+++ SOURCE MATERIAL +++

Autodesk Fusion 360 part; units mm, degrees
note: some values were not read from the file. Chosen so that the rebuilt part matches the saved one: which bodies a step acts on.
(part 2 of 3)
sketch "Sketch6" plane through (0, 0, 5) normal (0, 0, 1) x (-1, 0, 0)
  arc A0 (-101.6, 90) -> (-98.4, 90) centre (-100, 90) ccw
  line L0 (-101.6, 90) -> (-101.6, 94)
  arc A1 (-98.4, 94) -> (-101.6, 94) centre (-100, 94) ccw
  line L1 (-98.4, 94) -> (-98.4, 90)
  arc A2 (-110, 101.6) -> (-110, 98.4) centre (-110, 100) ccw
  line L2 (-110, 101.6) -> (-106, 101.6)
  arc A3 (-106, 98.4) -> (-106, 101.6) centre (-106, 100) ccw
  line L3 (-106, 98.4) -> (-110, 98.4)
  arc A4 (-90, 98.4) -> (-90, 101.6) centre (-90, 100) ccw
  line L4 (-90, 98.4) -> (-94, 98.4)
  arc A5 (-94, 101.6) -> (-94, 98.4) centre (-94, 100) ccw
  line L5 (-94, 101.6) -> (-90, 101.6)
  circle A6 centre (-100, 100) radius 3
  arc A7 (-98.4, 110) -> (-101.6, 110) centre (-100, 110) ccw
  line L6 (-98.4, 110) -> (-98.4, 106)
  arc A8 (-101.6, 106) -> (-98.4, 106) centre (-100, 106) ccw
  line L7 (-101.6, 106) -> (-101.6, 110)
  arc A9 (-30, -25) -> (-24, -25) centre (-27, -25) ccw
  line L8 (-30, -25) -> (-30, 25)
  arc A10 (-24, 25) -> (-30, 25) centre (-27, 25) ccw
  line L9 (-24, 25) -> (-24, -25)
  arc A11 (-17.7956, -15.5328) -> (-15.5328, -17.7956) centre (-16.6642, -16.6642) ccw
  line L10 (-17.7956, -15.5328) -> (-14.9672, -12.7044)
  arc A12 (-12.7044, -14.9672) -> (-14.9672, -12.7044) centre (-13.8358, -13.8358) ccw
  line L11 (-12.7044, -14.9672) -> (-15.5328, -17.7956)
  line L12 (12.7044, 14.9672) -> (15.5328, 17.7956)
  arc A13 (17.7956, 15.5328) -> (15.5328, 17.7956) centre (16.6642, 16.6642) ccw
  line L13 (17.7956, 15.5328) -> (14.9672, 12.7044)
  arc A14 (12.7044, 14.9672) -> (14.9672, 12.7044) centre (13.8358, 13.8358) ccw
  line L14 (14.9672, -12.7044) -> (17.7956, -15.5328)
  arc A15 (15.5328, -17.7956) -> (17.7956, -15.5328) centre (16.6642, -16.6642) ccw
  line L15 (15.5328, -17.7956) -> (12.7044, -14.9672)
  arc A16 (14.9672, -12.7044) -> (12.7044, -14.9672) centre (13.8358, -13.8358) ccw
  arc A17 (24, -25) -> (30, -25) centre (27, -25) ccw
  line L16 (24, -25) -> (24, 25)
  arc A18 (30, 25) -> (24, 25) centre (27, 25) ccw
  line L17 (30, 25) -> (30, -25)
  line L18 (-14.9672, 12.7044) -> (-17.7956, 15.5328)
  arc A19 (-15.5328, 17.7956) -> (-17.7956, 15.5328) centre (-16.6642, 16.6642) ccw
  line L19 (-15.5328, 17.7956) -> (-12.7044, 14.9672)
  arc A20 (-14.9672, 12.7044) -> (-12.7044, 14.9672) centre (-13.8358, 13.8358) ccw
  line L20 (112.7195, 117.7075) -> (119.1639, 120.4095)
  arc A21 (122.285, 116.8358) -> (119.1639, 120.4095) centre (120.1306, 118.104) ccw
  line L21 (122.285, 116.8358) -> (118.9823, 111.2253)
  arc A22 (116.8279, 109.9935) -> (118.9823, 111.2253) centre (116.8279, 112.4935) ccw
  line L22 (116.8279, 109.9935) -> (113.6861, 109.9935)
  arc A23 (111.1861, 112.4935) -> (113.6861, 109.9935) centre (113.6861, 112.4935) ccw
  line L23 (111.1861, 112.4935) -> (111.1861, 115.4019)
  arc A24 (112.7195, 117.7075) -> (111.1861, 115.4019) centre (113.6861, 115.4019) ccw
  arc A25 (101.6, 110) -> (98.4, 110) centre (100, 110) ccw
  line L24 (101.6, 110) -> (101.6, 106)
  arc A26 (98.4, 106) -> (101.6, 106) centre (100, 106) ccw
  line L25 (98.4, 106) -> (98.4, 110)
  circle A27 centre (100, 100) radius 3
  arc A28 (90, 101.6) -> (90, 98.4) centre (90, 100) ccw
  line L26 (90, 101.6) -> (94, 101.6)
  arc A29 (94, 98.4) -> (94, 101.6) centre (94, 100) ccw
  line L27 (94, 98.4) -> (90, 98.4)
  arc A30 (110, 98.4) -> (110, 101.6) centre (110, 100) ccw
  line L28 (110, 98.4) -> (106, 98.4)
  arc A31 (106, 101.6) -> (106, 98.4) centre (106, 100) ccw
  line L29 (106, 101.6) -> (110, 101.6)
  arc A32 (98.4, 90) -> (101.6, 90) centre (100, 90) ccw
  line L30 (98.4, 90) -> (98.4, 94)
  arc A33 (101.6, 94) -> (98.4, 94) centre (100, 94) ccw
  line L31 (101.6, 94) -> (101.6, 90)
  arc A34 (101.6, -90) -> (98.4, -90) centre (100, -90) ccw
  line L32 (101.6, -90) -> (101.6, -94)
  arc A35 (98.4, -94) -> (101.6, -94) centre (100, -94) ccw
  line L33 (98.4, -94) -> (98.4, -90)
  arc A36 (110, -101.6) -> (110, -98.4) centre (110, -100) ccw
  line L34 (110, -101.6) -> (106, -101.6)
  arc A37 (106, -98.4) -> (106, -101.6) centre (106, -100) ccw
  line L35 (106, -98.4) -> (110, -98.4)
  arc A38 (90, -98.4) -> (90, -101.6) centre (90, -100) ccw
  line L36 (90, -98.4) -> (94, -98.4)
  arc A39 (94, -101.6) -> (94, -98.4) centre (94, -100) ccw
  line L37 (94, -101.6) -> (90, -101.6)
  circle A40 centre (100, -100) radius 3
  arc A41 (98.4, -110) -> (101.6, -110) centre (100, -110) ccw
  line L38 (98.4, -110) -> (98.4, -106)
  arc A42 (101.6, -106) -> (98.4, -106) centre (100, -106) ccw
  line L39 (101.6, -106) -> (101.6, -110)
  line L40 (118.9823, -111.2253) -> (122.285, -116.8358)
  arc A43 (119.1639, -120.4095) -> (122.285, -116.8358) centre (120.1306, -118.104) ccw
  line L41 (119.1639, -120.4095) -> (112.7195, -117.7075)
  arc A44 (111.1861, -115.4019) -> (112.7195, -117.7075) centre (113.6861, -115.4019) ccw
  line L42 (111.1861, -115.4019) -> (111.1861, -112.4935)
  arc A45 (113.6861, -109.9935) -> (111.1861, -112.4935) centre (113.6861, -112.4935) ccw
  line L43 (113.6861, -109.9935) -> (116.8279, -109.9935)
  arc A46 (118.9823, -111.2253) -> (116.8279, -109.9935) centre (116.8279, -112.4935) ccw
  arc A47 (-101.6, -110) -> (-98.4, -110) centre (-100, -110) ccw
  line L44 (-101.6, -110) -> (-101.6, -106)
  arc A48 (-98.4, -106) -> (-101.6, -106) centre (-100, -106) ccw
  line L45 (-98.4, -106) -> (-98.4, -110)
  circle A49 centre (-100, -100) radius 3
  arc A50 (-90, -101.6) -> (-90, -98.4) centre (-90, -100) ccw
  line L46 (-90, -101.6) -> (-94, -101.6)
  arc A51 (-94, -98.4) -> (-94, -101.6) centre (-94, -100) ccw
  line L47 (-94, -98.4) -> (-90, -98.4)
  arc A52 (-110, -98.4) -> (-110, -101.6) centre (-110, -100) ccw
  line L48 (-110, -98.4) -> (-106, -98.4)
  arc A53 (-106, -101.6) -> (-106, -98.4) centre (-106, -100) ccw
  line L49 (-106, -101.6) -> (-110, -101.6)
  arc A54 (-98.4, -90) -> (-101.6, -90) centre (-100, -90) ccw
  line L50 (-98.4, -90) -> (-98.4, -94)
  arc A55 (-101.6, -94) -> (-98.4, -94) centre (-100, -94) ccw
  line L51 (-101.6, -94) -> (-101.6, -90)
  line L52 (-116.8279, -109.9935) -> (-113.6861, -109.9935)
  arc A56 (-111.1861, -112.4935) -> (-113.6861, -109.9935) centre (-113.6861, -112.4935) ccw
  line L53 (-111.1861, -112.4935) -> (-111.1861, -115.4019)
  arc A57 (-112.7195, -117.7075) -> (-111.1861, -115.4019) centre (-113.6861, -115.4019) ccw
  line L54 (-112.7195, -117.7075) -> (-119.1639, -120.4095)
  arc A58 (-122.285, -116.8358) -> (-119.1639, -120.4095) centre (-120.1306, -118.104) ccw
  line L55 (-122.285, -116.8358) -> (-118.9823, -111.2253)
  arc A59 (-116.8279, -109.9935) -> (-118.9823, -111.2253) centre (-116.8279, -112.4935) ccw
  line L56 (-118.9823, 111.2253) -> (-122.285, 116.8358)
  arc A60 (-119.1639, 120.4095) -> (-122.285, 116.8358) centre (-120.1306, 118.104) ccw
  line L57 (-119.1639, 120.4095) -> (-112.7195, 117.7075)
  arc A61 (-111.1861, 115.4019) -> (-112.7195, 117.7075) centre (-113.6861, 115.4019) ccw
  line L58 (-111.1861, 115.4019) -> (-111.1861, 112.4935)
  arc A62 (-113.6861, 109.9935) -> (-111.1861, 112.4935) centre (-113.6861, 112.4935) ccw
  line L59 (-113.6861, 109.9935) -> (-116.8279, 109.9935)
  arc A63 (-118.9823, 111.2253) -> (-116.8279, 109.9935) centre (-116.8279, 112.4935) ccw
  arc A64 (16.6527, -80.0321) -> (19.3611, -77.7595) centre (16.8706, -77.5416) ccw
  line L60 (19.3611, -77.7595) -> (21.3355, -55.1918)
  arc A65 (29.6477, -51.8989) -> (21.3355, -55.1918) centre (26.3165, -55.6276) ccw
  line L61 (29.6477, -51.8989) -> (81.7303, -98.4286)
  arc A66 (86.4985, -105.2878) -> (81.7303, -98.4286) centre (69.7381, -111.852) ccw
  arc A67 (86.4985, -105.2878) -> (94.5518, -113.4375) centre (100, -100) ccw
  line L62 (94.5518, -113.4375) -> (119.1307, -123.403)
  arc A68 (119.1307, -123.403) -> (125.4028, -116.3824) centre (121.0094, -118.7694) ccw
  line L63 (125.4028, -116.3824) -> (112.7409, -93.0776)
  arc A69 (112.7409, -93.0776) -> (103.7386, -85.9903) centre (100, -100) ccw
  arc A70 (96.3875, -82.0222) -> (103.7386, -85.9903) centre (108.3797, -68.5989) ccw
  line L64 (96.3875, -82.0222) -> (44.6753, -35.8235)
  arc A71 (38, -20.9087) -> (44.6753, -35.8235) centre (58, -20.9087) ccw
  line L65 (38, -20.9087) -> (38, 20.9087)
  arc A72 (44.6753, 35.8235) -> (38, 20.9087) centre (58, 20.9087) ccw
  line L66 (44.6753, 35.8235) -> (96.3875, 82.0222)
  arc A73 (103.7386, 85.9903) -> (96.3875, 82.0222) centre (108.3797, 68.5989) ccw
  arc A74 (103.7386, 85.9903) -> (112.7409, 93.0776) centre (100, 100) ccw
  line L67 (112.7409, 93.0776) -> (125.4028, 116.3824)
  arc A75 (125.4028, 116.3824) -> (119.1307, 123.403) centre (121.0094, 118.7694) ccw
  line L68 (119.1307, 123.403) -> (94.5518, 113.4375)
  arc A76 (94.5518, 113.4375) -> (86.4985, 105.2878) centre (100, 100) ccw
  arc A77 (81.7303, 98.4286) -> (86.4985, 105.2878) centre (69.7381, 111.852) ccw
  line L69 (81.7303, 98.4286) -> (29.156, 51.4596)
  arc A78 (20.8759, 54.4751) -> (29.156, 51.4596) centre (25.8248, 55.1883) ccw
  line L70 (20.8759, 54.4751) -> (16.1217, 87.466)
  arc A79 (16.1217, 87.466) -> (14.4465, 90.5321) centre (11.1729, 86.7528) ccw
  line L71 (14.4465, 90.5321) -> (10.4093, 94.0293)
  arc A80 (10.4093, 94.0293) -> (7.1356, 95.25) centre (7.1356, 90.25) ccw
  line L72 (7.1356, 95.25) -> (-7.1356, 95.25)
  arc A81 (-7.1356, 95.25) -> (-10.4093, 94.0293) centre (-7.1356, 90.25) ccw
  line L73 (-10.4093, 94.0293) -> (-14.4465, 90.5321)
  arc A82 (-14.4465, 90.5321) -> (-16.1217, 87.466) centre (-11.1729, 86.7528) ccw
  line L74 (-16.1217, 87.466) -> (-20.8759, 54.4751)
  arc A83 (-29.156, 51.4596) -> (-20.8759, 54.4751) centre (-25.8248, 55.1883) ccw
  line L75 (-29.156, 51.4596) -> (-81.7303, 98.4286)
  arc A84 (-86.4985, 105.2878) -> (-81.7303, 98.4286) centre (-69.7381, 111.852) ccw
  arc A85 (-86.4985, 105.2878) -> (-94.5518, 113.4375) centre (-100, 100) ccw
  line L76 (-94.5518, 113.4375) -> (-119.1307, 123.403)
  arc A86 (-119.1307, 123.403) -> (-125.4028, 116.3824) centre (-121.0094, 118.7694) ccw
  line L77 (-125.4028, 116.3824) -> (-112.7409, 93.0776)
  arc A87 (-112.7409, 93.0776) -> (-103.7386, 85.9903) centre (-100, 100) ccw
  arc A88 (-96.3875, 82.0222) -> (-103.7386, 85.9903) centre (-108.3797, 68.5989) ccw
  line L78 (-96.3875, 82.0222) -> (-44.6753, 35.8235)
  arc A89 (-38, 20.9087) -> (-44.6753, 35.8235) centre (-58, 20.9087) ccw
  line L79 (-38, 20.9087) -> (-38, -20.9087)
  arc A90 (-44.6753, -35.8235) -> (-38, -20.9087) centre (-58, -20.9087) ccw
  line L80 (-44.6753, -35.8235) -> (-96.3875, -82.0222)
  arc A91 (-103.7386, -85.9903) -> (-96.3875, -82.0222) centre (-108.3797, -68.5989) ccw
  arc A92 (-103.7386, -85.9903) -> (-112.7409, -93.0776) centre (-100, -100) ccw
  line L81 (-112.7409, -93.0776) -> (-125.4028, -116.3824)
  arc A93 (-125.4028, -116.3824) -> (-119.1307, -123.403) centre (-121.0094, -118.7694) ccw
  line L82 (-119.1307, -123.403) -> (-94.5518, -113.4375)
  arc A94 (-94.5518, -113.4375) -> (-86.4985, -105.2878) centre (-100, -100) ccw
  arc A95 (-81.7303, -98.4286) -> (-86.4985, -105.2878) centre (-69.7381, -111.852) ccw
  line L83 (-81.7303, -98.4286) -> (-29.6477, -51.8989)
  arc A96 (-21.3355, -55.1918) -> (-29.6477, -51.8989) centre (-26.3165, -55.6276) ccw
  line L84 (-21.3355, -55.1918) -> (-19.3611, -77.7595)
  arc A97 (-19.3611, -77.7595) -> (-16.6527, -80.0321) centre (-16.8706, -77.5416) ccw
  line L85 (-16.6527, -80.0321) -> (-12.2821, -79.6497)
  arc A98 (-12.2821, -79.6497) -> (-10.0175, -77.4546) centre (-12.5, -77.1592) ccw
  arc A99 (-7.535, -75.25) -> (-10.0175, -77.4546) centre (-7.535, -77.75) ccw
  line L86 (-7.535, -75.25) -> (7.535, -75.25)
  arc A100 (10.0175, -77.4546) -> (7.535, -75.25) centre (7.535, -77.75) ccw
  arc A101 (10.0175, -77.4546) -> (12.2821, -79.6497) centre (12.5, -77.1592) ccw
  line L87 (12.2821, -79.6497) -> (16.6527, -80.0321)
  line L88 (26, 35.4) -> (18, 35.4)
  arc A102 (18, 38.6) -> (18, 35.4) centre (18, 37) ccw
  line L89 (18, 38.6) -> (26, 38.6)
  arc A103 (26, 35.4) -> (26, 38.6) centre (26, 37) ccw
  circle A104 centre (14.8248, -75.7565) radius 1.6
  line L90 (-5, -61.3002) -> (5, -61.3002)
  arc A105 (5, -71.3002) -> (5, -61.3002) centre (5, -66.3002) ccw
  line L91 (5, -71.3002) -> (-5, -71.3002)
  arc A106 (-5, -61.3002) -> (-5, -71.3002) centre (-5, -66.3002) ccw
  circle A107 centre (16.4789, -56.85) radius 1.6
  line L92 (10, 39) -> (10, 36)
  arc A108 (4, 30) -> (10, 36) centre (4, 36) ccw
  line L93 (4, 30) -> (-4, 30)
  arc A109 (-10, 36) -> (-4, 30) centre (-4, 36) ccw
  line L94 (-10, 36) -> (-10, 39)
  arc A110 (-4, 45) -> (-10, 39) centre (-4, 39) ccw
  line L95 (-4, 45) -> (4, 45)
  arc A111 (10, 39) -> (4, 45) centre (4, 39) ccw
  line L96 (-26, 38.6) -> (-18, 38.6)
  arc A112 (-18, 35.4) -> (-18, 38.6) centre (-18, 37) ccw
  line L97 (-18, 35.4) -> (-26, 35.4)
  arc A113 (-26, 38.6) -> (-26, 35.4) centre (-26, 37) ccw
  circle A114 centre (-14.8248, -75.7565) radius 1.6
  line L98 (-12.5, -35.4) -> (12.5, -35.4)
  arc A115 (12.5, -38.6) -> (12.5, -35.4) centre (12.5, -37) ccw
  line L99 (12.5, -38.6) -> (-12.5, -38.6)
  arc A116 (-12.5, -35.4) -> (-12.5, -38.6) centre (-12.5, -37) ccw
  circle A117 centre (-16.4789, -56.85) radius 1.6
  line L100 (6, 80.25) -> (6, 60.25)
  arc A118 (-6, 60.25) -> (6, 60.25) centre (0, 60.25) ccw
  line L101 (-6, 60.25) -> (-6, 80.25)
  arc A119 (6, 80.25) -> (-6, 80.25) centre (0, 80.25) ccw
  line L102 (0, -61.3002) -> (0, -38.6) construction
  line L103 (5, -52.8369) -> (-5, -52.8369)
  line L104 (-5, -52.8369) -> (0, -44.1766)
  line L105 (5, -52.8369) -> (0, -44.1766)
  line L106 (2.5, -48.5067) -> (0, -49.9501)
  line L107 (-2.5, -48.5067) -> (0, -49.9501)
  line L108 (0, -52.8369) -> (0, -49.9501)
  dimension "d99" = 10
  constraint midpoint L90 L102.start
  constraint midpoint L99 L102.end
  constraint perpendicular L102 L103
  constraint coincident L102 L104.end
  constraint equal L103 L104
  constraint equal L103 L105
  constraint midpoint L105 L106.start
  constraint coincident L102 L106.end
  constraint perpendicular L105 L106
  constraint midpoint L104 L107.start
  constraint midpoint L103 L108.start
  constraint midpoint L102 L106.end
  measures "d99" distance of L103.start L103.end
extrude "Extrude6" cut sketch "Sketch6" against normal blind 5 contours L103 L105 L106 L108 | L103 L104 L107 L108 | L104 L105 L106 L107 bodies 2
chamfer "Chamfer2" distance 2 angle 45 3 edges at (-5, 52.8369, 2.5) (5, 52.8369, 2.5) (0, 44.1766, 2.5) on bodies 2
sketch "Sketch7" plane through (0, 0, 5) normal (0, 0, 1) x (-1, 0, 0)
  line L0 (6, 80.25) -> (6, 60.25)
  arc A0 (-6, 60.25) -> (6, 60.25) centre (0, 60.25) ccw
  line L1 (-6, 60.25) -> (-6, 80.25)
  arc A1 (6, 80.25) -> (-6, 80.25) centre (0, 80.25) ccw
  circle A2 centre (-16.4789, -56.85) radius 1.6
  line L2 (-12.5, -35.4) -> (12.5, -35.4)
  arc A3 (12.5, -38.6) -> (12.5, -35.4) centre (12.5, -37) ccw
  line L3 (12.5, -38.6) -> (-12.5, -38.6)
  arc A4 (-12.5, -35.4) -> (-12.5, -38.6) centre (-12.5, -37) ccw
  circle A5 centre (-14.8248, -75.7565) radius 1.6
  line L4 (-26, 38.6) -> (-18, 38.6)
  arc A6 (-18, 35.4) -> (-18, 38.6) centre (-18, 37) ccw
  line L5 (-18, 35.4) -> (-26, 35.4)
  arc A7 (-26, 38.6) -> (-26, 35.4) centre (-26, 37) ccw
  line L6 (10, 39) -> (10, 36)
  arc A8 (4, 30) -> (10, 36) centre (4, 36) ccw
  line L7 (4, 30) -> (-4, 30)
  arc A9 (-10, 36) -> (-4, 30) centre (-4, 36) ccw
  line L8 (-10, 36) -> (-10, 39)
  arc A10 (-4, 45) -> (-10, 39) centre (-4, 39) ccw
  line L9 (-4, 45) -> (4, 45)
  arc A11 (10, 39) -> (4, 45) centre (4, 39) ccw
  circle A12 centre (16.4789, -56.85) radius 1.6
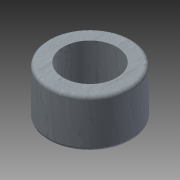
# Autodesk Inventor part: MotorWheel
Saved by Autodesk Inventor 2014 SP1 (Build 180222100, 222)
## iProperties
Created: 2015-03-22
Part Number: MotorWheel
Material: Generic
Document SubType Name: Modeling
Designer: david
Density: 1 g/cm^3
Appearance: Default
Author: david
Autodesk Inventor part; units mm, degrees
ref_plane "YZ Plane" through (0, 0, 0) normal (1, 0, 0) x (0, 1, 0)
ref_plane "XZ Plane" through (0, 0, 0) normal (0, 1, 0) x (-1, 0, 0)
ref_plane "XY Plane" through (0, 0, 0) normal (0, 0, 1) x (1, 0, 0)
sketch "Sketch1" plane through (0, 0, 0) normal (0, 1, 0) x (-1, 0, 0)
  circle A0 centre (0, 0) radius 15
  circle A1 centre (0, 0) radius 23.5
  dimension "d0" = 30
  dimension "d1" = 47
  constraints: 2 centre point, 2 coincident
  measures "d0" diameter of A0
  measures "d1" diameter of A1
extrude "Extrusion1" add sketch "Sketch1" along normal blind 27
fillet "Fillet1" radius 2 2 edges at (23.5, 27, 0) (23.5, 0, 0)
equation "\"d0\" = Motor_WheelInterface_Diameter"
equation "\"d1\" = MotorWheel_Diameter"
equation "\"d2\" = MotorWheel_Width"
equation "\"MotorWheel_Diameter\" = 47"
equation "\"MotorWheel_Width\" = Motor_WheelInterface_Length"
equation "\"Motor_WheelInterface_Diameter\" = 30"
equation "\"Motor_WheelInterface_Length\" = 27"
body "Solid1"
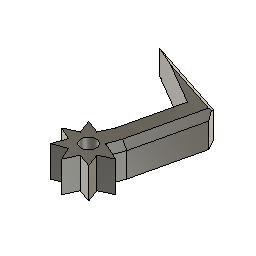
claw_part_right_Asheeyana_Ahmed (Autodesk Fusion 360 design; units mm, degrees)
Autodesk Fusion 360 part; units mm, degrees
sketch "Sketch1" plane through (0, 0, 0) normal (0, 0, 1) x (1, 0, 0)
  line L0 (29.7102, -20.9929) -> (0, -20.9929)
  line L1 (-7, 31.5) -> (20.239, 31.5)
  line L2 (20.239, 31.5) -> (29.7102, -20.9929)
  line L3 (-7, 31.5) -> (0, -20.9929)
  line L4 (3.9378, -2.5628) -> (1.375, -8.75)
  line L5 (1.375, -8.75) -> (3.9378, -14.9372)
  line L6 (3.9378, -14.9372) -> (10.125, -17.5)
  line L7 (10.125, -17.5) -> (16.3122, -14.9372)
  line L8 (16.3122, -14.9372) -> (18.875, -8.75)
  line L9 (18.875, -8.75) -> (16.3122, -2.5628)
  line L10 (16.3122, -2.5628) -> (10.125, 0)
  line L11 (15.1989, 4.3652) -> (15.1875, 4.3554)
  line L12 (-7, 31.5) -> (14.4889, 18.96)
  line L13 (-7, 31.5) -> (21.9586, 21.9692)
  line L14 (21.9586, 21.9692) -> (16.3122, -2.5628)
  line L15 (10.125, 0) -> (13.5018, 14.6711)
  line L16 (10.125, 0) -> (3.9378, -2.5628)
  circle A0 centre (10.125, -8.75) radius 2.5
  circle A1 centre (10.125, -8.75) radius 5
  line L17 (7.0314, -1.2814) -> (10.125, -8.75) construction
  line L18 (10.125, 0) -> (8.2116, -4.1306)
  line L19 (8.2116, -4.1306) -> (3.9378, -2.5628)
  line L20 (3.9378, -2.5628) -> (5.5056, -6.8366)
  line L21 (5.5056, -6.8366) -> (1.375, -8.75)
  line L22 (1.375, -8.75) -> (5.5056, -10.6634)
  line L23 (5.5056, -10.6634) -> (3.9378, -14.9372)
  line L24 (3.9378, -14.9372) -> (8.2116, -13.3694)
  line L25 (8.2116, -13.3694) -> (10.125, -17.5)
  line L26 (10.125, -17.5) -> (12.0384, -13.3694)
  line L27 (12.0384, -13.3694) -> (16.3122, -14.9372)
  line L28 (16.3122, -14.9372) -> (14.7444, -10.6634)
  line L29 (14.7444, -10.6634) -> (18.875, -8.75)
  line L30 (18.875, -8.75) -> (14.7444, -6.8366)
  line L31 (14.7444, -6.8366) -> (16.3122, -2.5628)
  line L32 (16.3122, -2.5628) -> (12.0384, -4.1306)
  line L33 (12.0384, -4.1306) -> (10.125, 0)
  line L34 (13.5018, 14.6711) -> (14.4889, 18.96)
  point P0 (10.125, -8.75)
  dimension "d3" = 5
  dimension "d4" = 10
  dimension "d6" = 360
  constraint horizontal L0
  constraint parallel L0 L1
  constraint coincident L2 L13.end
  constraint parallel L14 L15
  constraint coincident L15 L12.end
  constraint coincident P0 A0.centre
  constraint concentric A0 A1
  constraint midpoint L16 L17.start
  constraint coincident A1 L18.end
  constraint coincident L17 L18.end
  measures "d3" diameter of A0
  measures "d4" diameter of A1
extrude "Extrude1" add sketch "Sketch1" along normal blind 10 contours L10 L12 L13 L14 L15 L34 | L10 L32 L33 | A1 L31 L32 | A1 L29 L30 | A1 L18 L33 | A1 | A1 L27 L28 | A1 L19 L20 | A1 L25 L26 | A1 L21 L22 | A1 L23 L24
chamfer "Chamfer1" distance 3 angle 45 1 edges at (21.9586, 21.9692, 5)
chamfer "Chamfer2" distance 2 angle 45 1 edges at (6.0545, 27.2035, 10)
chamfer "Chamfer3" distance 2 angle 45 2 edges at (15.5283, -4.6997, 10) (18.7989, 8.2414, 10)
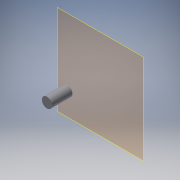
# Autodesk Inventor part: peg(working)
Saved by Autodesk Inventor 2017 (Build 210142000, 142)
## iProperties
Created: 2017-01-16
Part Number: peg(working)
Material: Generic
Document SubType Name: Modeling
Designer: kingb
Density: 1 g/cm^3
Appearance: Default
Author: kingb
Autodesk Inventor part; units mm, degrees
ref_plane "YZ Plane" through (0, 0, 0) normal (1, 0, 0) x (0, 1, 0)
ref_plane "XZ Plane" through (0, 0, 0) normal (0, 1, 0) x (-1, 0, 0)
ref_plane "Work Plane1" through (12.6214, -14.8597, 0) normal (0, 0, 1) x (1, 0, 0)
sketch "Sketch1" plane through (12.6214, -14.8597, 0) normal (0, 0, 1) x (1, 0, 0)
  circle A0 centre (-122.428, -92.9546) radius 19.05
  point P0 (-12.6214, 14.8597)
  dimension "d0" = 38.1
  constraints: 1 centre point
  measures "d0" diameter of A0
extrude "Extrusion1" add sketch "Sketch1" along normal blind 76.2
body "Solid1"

+++

=== REQUIREMENT ===
Word for word, restate the lines above from the line containing "line L0 (29.7102, -20.9929)" through the line containing "constraint concentric A0 A1", with both included and nothing else.

=== THE ANSWER ===
  line L0 (29.7102, -20.9929) -> (0, -20.9929)
  line L1 (-7, 31.5) -> (20.239, 31.5)
  line L2 (20.239, 31.5) -> (29.7102, -20.9929)
  line L3 (-7, 31.5) -> (0, -20.9929)
  line L4 (3.9378, -2.5628) -> (1.375, -8.75)
  line L5 (1.375, -8.75) -> (3.9378, -14.9372)
  line L6 (3.9378, -14.9372) -> (10.125, -17.5)
  line L7 (10.125, -17.5) -> (16.3122, -14.9372)
  line L8 (16.3122, -14.9372) -> (18.875, -8.75)
  line L9 (18.875, -8.75) -> (16.3122, -2.5628)
  line L10 (16.3122, -2.5628) -> (10.125, 0)
  line L11 (15.1989, 4.3652) -> (15.1875, 4.3554)
  line L12 (-7, 31.5) -> (14.4889, 18.96)
  line L13 (-7, 31.5) -> (21.9586, 21.9692)
  line L14 (21.9586, 21.9692) -> (16.3122, -2.5628)
  line L15 (10.125, 0) -> (13.5018, 14.6711)
  line L16 (10.125, 0) -> (3.9378, -2.5628)
  circle A0 centre (10.125, -8.75) radius 2.5
  circle A1 centre (10.125, -8.75) radius 5
  line L17 (7.0314, -1.2814) -> (10.125, -8.75) construction
  line L18 (10.125, 0) -> (8.2116, -4.1306)
  line L19 (8.2116, -4.1306) -> (3.9378, -2.5628)
  line L20 (3.9378, -2.5628) -> (5.5056, -6.8366)
  line L21 (5.5056, -6.8366) -> (1.375, -8.75)
  line L22 (1.375, -8.75) -> (5.5056, -10.6634)
  line L23 (5.5056, -10.6634) -> (3.9378, -14.9372)
  line L24 (3.9378, -14.9372) -> (8.2116, -13.3694)
  line L25 (8.2116, -13.3694) -> (10.125, -17.5)
  line L26 (10.125, -17.5) -> (12.0384, -13.3694)
  line L27 (12.0384, -13.3694) -> (16.3122, -14.9372)
  line L28 (16.3122, -14.9372) -> (14.7444, -10.6634)
  line L29 (14.7444, -10.6634) -> (18.875, -8.75)
  line L30 (18.875, -8.75) -> (14.7444, -6.8366)
  line L31 (14.7444, -6.8366) -> (16.3122, -2.5628)
  line L32 (16.3122, -2.5628) -> (12.0384, -4.1306)
  line L33 (12.0384, -4.1306) -> (10.125, 0)
  line L34 (13.5018, 14.6711) -> (14.4889, 18.96)
  point P0 (10.125, -8.75)
  dimension "d3" = 5
  dimension "d4" = 10
  dimension "d6" = 360
  constraint horizontal L0
  constraint parallel L0 L1
  constraint coincident L2 L13.end
  constraint parallel L14 L15
  constraint coincident L15 L12.end
  constraint coincident P0 A0.centre
  constraint concentric A0 A1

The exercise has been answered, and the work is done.